What to produce: Of the lines in the data below, write out exactly those from the one holding "n_modes = size(Phi, 2)" through the one holding "polar_CD = polar.CD(:).'", both included.

Information:
○ ○ ○ ○ ○ ○ ○

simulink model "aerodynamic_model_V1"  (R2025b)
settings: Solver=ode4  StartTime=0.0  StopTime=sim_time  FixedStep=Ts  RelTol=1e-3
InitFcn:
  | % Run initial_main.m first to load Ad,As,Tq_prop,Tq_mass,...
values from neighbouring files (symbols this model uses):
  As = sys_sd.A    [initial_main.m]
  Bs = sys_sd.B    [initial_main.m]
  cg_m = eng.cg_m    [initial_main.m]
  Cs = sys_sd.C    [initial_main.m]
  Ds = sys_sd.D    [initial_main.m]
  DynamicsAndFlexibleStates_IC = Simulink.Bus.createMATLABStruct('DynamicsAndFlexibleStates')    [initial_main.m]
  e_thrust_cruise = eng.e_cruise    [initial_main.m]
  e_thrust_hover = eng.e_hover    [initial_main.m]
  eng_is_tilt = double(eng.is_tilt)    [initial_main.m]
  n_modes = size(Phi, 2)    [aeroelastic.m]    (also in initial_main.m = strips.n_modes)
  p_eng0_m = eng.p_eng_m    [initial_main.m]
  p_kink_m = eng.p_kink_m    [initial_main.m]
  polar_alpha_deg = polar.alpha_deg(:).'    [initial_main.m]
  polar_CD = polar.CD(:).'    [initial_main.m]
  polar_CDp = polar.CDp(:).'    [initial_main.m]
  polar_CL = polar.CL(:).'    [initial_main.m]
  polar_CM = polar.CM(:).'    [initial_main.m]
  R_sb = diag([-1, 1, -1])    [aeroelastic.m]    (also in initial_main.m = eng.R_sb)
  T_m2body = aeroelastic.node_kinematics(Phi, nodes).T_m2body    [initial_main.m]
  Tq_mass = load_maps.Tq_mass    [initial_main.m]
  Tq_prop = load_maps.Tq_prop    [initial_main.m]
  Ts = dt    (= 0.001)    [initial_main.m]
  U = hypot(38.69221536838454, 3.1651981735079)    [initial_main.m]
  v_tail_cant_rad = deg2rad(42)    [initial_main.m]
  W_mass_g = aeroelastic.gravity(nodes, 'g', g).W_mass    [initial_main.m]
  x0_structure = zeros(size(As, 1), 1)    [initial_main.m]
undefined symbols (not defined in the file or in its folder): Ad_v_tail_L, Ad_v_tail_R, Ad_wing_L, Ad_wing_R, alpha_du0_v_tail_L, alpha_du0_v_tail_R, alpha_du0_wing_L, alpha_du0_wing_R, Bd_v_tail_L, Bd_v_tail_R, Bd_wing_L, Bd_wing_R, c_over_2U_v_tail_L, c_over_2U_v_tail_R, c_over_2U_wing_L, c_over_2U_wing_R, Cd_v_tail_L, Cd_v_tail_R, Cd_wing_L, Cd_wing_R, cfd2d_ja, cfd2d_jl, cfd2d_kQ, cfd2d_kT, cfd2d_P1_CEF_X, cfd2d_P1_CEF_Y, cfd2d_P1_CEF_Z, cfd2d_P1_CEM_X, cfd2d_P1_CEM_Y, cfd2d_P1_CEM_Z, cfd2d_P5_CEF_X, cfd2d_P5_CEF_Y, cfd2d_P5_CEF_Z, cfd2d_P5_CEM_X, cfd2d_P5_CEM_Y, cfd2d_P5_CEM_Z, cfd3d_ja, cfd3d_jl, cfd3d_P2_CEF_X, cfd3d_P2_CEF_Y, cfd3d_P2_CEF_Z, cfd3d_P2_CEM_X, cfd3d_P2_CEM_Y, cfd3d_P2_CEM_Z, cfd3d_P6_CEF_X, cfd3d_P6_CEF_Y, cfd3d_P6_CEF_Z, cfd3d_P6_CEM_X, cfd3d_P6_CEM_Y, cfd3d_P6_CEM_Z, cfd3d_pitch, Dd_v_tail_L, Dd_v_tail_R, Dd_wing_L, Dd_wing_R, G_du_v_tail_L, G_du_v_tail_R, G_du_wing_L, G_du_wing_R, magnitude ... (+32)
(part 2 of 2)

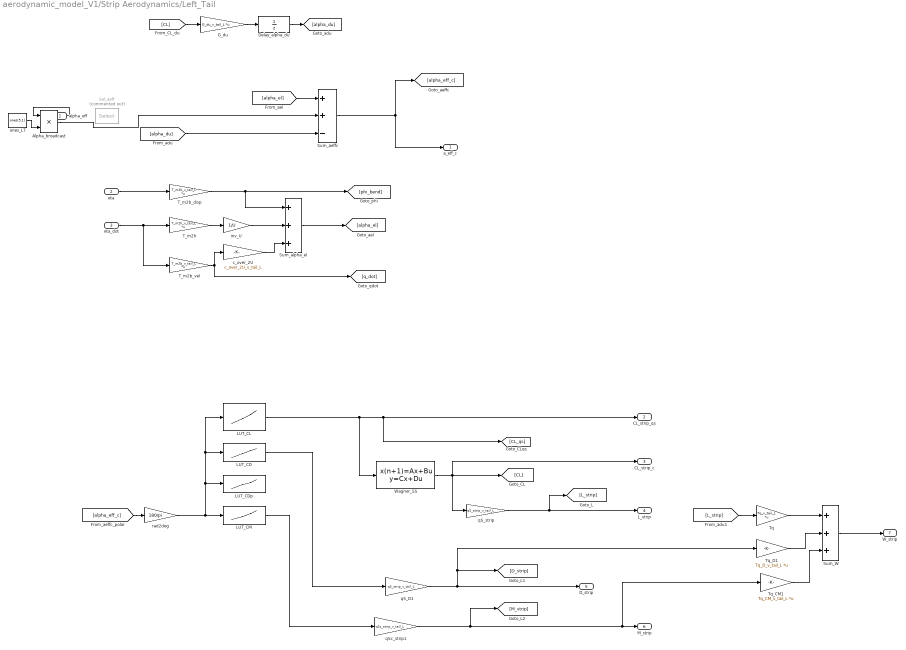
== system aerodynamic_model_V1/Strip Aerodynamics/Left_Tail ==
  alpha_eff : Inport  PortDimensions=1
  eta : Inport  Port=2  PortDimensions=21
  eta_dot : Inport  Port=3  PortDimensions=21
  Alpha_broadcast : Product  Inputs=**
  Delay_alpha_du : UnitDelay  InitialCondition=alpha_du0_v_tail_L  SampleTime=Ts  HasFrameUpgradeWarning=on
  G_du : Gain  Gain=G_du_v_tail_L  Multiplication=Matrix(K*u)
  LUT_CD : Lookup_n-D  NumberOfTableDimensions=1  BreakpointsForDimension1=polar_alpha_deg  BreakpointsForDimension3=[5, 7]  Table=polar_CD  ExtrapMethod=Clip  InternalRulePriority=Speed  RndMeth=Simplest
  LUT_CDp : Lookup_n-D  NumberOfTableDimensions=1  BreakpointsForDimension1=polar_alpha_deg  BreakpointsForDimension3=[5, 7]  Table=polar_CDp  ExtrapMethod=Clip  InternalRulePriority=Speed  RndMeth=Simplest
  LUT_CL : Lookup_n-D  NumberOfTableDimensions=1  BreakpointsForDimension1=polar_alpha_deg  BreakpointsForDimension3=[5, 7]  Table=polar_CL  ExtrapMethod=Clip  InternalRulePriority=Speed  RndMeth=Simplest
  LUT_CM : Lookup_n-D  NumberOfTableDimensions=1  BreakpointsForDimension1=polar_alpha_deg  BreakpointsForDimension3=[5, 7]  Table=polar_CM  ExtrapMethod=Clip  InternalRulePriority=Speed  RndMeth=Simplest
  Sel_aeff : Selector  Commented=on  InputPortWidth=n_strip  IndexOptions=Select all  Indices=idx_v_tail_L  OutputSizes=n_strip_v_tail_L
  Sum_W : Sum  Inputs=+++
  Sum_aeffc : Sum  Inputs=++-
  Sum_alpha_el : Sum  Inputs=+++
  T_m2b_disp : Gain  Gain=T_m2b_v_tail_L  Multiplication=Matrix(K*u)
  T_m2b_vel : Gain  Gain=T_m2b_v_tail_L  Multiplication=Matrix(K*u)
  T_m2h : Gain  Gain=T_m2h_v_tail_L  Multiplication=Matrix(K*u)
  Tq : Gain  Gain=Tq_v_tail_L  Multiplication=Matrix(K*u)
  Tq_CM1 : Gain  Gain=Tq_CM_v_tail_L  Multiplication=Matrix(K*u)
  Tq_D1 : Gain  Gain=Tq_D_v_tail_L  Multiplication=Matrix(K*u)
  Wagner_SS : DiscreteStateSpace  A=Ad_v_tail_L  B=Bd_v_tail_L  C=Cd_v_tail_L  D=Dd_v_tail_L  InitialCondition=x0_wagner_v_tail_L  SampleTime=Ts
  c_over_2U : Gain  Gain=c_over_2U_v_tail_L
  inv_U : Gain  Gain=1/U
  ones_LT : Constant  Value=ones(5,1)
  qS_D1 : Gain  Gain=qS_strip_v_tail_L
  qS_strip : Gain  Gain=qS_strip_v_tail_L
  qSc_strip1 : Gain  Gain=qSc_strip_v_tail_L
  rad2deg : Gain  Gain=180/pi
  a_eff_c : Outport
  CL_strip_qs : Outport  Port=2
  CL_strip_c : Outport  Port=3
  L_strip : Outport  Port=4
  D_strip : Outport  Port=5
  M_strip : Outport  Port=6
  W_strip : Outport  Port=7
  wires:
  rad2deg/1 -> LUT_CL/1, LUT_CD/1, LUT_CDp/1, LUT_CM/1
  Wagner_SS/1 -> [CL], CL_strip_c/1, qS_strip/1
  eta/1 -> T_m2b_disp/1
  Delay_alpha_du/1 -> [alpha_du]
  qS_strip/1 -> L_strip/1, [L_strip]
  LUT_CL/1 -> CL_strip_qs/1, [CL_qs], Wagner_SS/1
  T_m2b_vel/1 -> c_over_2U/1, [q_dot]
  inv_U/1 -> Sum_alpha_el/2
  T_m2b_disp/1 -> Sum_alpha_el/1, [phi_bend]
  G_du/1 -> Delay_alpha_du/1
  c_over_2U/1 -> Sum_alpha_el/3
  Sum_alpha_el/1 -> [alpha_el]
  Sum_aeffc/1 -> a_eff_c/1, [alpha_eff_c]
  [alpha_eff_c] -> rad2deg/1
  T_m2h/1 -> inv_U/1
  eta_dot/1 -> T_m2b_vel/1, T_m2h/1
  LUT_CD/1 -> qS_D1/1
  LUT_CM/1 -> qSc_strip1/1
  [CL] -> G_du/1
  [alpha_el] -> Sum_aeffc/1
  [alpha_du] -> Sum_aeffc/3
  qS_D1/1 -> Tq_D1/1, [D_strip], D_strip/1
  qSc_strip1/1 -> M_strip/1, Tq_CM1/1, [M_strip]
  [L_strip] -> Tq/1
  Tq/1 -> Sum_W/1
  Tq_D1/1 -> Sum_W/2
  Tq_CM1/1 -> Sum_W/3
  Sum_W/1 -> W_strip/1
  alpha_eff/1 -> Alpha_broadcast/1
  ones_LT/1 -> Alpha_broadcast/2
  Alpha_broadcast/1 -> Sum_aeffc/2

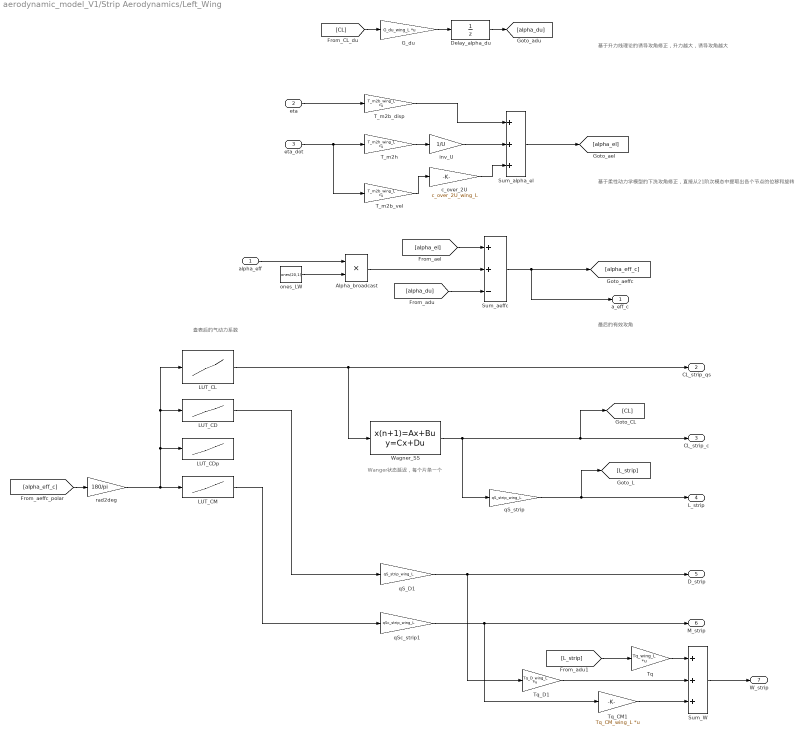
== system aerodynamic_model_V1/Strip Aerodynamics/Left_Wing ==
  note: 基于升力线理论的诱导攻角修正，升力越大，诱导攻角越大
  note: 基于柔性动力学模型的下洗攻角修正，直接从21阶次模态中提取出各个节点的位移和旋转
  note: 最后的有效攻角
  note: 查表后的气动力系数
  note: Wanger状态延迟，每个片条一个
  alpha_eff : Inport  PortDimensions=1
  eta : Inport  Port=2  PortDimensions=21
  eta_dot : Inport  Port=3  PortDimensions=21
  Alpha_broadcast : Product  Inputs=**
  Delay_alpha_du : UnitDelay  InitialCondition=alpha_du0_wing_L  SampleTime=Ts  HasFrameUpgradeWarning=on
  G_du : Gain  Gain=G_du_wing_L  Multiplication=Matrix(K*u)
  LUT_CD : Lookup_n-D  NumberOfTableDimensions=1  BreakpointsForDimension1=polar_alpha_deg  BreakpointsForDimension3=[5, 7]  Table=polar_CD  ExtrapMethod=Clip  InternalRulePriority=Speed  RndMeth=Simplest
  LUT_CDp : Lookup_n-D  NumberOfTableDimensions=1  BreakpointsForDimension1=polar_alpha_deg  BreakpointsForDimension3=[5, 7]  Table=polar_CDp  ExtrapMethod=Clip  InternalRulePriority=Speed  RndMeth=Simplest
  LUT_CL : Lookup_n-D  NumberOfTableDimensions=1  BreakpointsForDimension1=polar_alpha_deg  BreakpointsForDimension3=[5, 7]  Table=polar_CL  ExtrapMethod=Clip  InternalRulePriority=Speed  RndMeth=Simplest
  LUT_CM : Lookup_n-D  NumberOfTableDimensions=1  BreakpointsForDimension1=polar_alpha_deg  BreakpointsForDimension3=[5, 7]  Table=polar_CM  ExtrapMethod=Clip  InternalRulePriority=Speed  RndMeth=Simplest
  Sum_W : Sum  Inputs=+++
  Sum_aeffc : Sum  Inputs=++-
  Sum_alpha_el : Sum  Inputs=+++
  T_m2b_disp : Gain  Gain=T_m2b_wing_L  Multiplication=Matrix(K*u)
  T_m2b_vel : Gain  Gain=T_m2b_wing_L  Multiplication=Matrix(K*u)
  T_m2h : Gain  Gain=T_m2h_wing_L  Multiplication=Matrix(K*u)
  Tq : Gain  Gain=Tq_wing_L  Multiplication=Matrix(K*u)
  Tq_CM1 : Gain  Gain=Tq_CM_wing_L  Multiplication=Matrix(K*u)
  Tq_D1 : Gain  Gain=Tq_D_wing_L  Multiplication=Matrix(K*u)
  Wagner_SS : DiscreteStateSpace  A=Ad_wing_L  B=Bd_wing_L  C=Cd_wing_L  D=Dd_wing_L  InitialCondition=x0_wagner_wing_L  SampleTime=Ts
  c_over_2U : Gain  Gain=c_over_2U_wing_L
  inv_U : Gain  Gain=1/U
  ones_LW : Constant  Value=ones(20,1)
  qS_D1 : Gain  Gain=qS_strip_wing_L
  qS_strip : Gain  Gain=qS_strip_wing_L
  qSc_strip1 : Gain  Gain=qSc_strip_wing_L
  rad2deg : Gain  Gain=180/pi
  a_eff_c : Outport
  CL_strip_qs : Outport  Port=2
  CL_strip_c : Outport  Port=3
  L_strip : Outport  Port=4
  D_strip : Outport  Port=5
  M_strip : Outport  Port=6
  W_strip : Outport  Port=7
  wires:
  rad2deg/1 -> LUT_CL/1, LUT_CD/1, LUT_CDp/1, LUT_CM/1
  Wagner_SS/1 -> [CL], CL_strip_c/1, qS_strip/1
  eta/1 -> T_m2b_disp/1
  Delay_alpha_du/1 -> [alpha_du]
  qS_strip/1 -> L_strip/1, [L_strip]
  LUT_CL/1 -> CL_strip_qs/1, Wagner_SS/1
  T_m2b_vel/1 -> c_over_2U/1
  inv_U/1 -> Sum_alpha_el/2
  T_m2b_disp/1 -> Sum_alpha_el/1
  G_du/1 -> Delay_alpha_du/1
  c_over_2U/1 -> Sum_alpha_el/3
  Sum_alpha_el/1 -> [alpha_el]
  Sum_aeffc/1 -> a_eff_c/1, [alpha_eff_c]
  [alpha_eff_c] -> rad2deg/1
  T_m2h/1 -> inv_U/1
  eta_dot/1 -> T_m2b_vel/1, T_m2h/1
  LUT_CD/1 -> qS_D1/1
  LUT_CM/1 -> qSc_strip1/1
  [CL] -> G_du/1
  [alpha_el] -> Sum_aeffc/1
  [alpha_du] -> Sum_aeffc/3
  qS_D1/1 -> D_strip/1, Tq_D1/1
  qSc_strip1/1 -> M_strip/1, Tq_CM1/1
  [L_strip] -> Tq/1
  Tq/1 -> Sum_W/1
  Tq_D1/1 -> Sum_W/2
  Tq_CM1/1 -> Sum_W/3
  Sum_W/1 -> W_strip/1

○ ○ ○ ○ ○ ○ ○

Output below:
  n_modes = size(Phi, 2)    [aeroelastic.m]    (also in initial_main.m = strips.n_modes)
  p_eng0_m = eng.p_eng_m    [initial_main.m]
  p_kink_m = eng.p_kink_m    [initial_main.m]
  polar_alpha_deg = polar.alpha_deg(:).'    [initial_main.m]
  polar_CD = polar.CD(:).'    [initial_main.m]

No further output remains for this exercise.